Problem to solve: Omit pictures and quote the listing below line by line, from its start through the line that holds "#5=PRODUCT_RELATED_PRODUCT_CATEGORY('part','',(#4));".

Excerpted data:
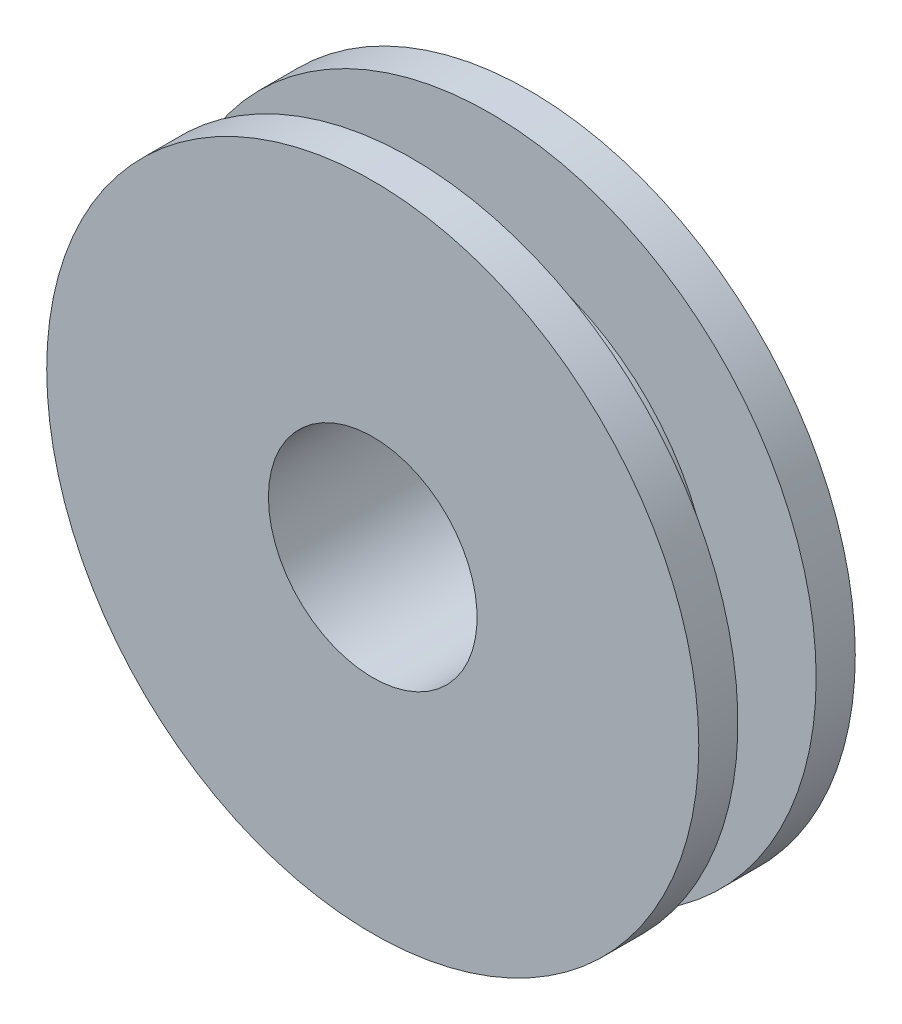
ISO-10303-21;
HEADER;
FILE_DESCRIPTION(('STEP AP214'),'2;1');
FILE_NAME('part.step','',(''),(''),'','','');
FILE_SCHEMA(('AUTOMOTIVE_DESIGN { 1 0 10303 214 1 1 1 1 }'));
ENDSEC;
DATA;
#1=APPLICATION_CONTEXT('core data for automotive mechanical design processes');
#2=APPLICATION_PROTOCOL_DEFINITION('international standard','automotive_design',2000,#1);
#3=PRODUCT_CONTEXT('',#1,'mechanical');
#4=PRODUCT('Part','Part','',(#3));
#5=PRODUCT_RELATED_PRODUCT_CATEGORY('part','',(#4));
#6=PRODUCT_DEFINITION_FORMATION('','',#4);
#7=PRODUCT_DEFINITION_CONTEXT('part definition',#1,'design');
#8=PRODUCT_DEFINITION('design','',#6,#7);
#9=PRODUCT_DEFINITION_SHAPE('','',#8);
#10=(LENGTH_UNIT() NAMED_UNIT(*) SI_UNIT(.MILLI.,.METRE.));
#11=(NAMED_UNIT(*) PLANE_ANGLE_UNIT() SI_UNIT($,.RADIAN.));
#12=(NAMED_UNIT(*) SI_UNIT($,.STERADIAN.) SOLID_ANGLE_UNIT());
#13=UNCERTAINTY_MEASURE_WITH_UNIT(LENGTH_MEASURE(1.E-05),#10,'distance_accuracy_value','');
#14=(GEOMETRIC_REPRESENTATION_CONTEXT(3) GLOBAL_UNCERTAINTY_ASSIGNED_CONTEXT((#13)) GLOBAL_UNIT_ASSIGNED_CONTEXT((#10,
#11,#12)) REPRESENTATION_CONTEXT('',''));
#15=CARTESIAN_POINT('',(0.,0.,0.));
#16=DIRECTION('',(0.,0.,1.));
#17=DIRECTION('',(1.,0.,0.));
#18=AXIS2_PLACEMENT_3D('',#15,#16,#17);
#19=CARTESIAN_POINT('',(0.,0.,6.));
#20=DIRECTION('',(0.,0.,-1.));
#21=DIRECTION('',(-1.,0.,0.));
#22=AXIS2_PLACEMENT_3D('',#19,#20,#21);
#23=CYLINDRICAL_SURFACE('',#22,12.5);
#24=CARTESIAN_POINT('',(0.,0.,0.));
#25=DIRECTION('',(0.,0.,1.));
#26=DIRECTION('',(1.,0.,0.));
#27=AXIS2_PLACEMENT_3D('',#24,#25,#26);
#28=CIRCLE('',#27,12.5);
#29=CARTESIAN_POINT('',(12.5,0.,0.));
#30=VERTEX_POINT('',#29);
#31=EDGE_CURVE('E40',#30,#30,#28,.T.);
#32=ORIENTED_EDGE('',*,*,#31,.T.);
#33=EDGE_LOOP('',(#32));
#34=FACE_BOUND('',#33,.T.);
#35=CARTESIAN_POINT('',(0.,0.,1.5));
#36=DIRECTION('',(0.,0.,1.));
#37=DIRECTION('',(1.,0.,0.));
#38=AXIS2_PLACEMENT_3D('',#35,#36,#37);
#39=CIRCLE('',#38,12.5);
#40=CARTESIAN_POINT('',(12.5,0.,1.5));
#41=VERTEX_POINT('',#40);
#42=EDGE_CURVE('E36',#41,#41,#39,.T.);
#43=ORIENTED_EDGE('',*,*,#42,.F.);
#44=EDGE_LOOP('',(#43));
#45=FACE_BOUND('',#44,.T.);
#46=ADVANCED_FACE('F33',(#34,#45),#23,.T.);
#47=CARTESIAN_POINT('',(0.,0.,0.));
#48=DIRECTION('',(0.,0.,1.));
#49=DIRECTION('',(1.,0.,0.));
#50=AXIS2_PLACEMENT_3D('',#47,#48,#49);
#51=PLANE('',#50);
#52=CARTESIAN_POINT('',(0.,0.,0.));
#53=DIRECTION('',(0.,0.,1.));
#54=DIRECTION('',(1.,0.,0.));
#55=AXIS2_PLACEMENT_3D('',#52,#53,#54);
#56=CIRCLE('',#55,6.5);
#57=CARTESIAN_POINT('',(6.5,0.,0.));
#58=VERTEX_POINT('',#57);
#59=EDGE_CURVE('E63',#58,#58,#56,.T.);
#60=ORIENTED_EDGE('',*,*,#59,.T.);
#61=EDGE_LOOP('',(#60));
#62=FACE_BOUND('',#61,.T.);
#63=ORIENTED_EDGE('',*,*,#31,.F.);
#64=EDGE_LOOP('',(#63));
#65=FACE_BOUND('',#64,.T.);
#66=ADVANCED_FACE('F88',(#62,#65),#51,.F.);
#67=CARTESIAN_POINT('',(13.5,0.,1.49999999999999));
#68=DIRECTION('',(0.,0.,1.));
#69=DIRECTION('',(1.,0.,0.));
#70=AXIS2_PLACEMENT_3D('',#67,#68,#69);
#71=PLANE('',#70);
#72=CARTESIAN_POINT('',(0.,0.,1.5));
#73=DIRECTION('',(0.,0.,-1.));
#74=DIRECTION('',(-1.,0.,0.));
#75=AXIS2_PLACEMENT_3D('',#72,#73,#74);
#76=CIRCLE('',#75,8.5);
#77=CARTESIAN_POINT('',(-8.5,0.,1.5));
#78=VERTEX_POINT('',#77);
#79=EDGE_CURVE('E49',#78,#78,#76,.T.);
#80=ORIENTED_EDGE('',*,*,#79,.T.);
#81=EDGE_LOOP('',(#80));
#82=FACE_BOUND('',#81,.T.);
#83=ORIENTED_EDGE('',*,*,#42,.T.);
#84=EDGE_LOOP('',(#83));
#85=FACE_BOUND('',#84,.T.);
#86=ADVANCED_FACE('F91',(#82,#85),#71,.T.);
#87=CARTESIAN_POINT('',(8.5,0.,4.5));
#88=DIRECTION('',(0.,0.,-1.));
#89=DIRECTION('',(-1.,0.,0.));
#90=AXIS2_PLACEMENT_3D('',#87,#88,#89);
#91=PLANE('',#90);
#92=CARTESIAN_POINT('',(0.,0.,4.5));
#93=DIRECTION('',(0.,0.,-1.));
#94=DIRECTION('',(-1.,0.,0.));
#95=AXIS2_PLACEMENT_3D('',#92,#93,#94);
#96=CIRCLE('',#95,8.5);
#97=CARTESIAN_POINT('',(-8.49999999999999,0.,4.5));
#98=VERTEX_POINT('',#97);
#99=EDGE_CURVE('E54',#98,#98,#96,.T.);
#100=ORIENTED_EDGE('',*,*,#99,.F.);
#101=EDGE_LOOP('',(#100));
#102=FACE_BOUND('',#101,.T.);
#103=CARTESIAN_POINT('',(0.,0.,4.5));
#104=DIRECTION('',(0.,0.,-1.));
#105=DIRECTION('',(-1.,0.,0.));
#106=AXIS2_PLACEMENT_3D('',#103,#104,#105);
#107=CIRCLE('',#106,12.5);
#108=CARTESIAN_POINT('',(-12.5,0.,4.5));
#109=VERTEX_POINT('',#108);
#110=EDGE_CURVE('E47',#109,#109,#107,.T.);
#111=ORIENTED_EDGE('',*,*,#110,.T.);
#112=EDGE_LOOP('',(#111));
#113=FACE_BOUND('',#112,.T.);
#114=ADVANCED_FACE('F100',(#102,#113),#91,.T.);
#115=CARTESIAN_POINT('',(0.,0.,0.));
#116=DIRECTION('',(0.,0.,-1.));
#117=DIRECTION('',(-1.,0.,0.));
#118=AXIS2_PLACEMENT_3D('',#115,#116,#117);
#119=CYLINDRICAL_SURFACE('',#118,8.5);
#120=ORIENTED_EDGE('',*,*,#79,.F.);
#121=EDGE_LOOP('',(#120));
#122=FACE_BOUND('',#121,.T.);
#123=ORIENTED_EDGE('',*,*,#99,.T.);
#124=EDGE_LOOP('',(#123));
#125=FACE_BOUND('',#124,.T.);
#126=ADVANCED_FACE('F105',(#122,#125),#119,.T.);
#127=CARTESIAN_POINT('',(0.,0.,6.));
#128=DIRECTION('',(0.,0.,1.));
#129=DIRECTION('',(1.,0.,0.));
#130=AXIS2_PLACEMENT_3D('',#127,#128,#129);
#131=PLANE('',#130);
#132=CARTESIAN_POINT('',(0.,0.,6.));
#133=DIRECTION('',(0.,0.,-1.));
#134=DIRECTION('',(-1.,0.,0.));
#135=AXIS2_PLACEMENT_3D('',#132,#133,#134);
#136=CIRCLE('',#135,4.);
#137=CARTESIAN_POINT('',(-4.,0.,6.));
#138=VERTEX_POINT('',#137);
#139=EDGE_CURVE('E66',#138,#138,#136,.T.);
#140=ORIENTED_EDGE('',*,*,#139,.T.);
#141=EDGE_LOOP('',(#140));
#142=FACE_BOUND('',#141,.T.);
#143=CARTESIAN_POINT('',(0.,0.,6.));
#144=DIRECTION('',(0.,0.,1.));
#145=DIRECTION('',(1.,0.,0.));
#146=AXIS2_PLACEMENT_3D('',#143,#144,#145);
#147=CIRCLE('',#146,12.5);
#148=CARTESIAN_POINT('',(12.5,0.,5.99999999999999));
#149=VERTEX_POINT('',#148);
#150=EDGE_CURVE('E10',#149,#149,#147,.T.);
#151=ORIENTED_EDGE('',*,*,#150,.T.);
#152=EDGE_LOOP('',(#151));
#153=FACE_BOUND('',#152,.T.);
#154=ADVANCED_FACE('F110',(#142,#153),#131,.T.);
#155=ORIENTED_EDGE('',*,*,#150,.F.);
#156=EDGE_LOOP('',(#155));
#157=FACE_BOUND('',#156,.T.);
#158=ORIENTED_EDGE('',*,*,#110,.F.);
#159=EDGE_LOOP('',(#158));
#160=FACE_BOUND('',#159,.T.);
#161=ADVANCED_FACE('F84',(#157,#160),#23,.T.);
#162=CARTESIAN_POINT('',(0.,0.,0.));
#163=DIRECTION('',(0.,0.,1.));
#164=DIRECTION('',(1.,0.,0.));
#165=AXIS2_PLACEMENT_3D('',#162,#163,#164);
#166=CONICAL_SURFACE('',#165,6.5,0.78539816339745);
#167=CARTESIAN_POINT('',(0.,0.,-0.5));
#168=DIRECTION('',(0.,0.,1.));
#169=DIRECTION('',(1.,0.,0.));
#170=AXIS2_PLACEMENT_3D('',#167,#168,#169);
#171=CIRCLE('',#170,6.);
#172=CARTESIAN_POINT('',(6.,0.,-0.500000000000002));
#173=VERTEX_POINT('',#172);
#174=EDGE_CURVE('E58',#173,#173,#171,.T.);
#175=ORIENTED_EDGE('',*,*,#174,.T.);
#176=EDGE_LOOP('',(#175));
#177=FACE_BOUND('',#176,.T.);
#178=ORIENTED_EDGE('',*,*,#59,.F.);
#179=EDGE_LOOP('',(#178));
#180=FACE_BOUND('',#179,.T.);
#181=ADVANCED_FACE('F78',(#177,#180),#166,.T.);
#182=CARTESIAN_POINT('',(0.,0.,-0.5));
#183=DIRECTION('',(0.,0.,1.));
#184=DIRECTION('',(1.,0.,0.));
#185=AXIS2_PLACEMENT_3D('',#182,#183,#184);
#186=PLANE('',#185);
#187=CARTESIAN_POINT('',(0.,0.,-0.5));
#188=DIRECTION('',(0.,0.,-1.));
#189=DIRECTION('',(-1.,0.,0.));
#190=AXIS2_PLACEMENT_3D('',#187,#188,#189);
#191=CIRCLE('',#190,4.);
#192=CARTESIAN_POINT('',(-4.,0.,-0.499999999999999));
#193=VERTEX_POINT('',#192);
#194=EDGE_CURVE('E69',#193,#193,#191,.T.);
#195=ORIENTED_EDGE('',*,*,#194,.F.);
#196=EDGE_LOOP('',(#195));
#197=FACE_BOUND('',#196,.T.);
#198=ORIENTED_EDGE('',*,*,#174,.F.);
#199=EDGE_LOOP('',(#198));
#200=FACE_BOUND('',#199,.T.);
#201=ADVANCED_FACE('F75',(#197,#200),#186,.F.);
#202=CARTESIAN_POINT('',(0.,0.,6.));
#203=DIRECTION('',(0.,0.,-1.));
#204=DIRECTION('',(-1.,0.,0.));
#205=AXIS2_PLACEMENT_3D('',#202,#203,#204);
#206=CYLINDRICAL_SURFACE('',#205,4.);
#207=ORIENTED_EDGE('',*,*,#139,.F.);
#208=EDGE_LOOP('',(#207));
#209=FACE_BOUND('',#208,.T.);
#210=ORIENTED_EDGE('',*,*,#194,.T.);
#211=EDGE_LOOP('',(#210));
#212=FACE_BOUND('',#211,.T.);
#213=ADVANCED_FACE('F73',(#209,#212),#206,.F.);
#214=CLOSED_SHELL('',(#46,#66,#86,#114,#126,#154,#161,#181,#201,#213));
#215=MANIFOLD_SOLID_BREP('B2',#214);
#216=ADVANCED_BREP_SHAPE_REPRESENTATION('',(#18,#215),#14);
#217=SHAPE_DEFINITION_REPRESENTATION(#9,#216);
ENDSEC;
END-ISO-10303-21;

Solved problem:
ISO-10303-21;
HEADER;
FILE_DESCRIPTION(('STEP AP214'),'2;1');
FILE_NAME('part.step','',(''),(''),'','','');
FILE_SCHEMA(('AUTOMOTIVE_DESIGN { 1 0 10303 214 1 1 1 1 }'));
ENDSEC;
DATA;
#1=APPLICATION_CONTEXT('core data for automotive mechanical design processes');
#2=APPLICATION_PROTOCOL_DEFINITION('international standard','automotive_design',2000,#1);
#3=PRODUCT_CONTEXT('',#1,'mechanical');
#4=PRODUCT('Part','Part','',(#3));
#5=PRODUCT_RELATED_PRODUCT_CATEGORY('part','',(#4));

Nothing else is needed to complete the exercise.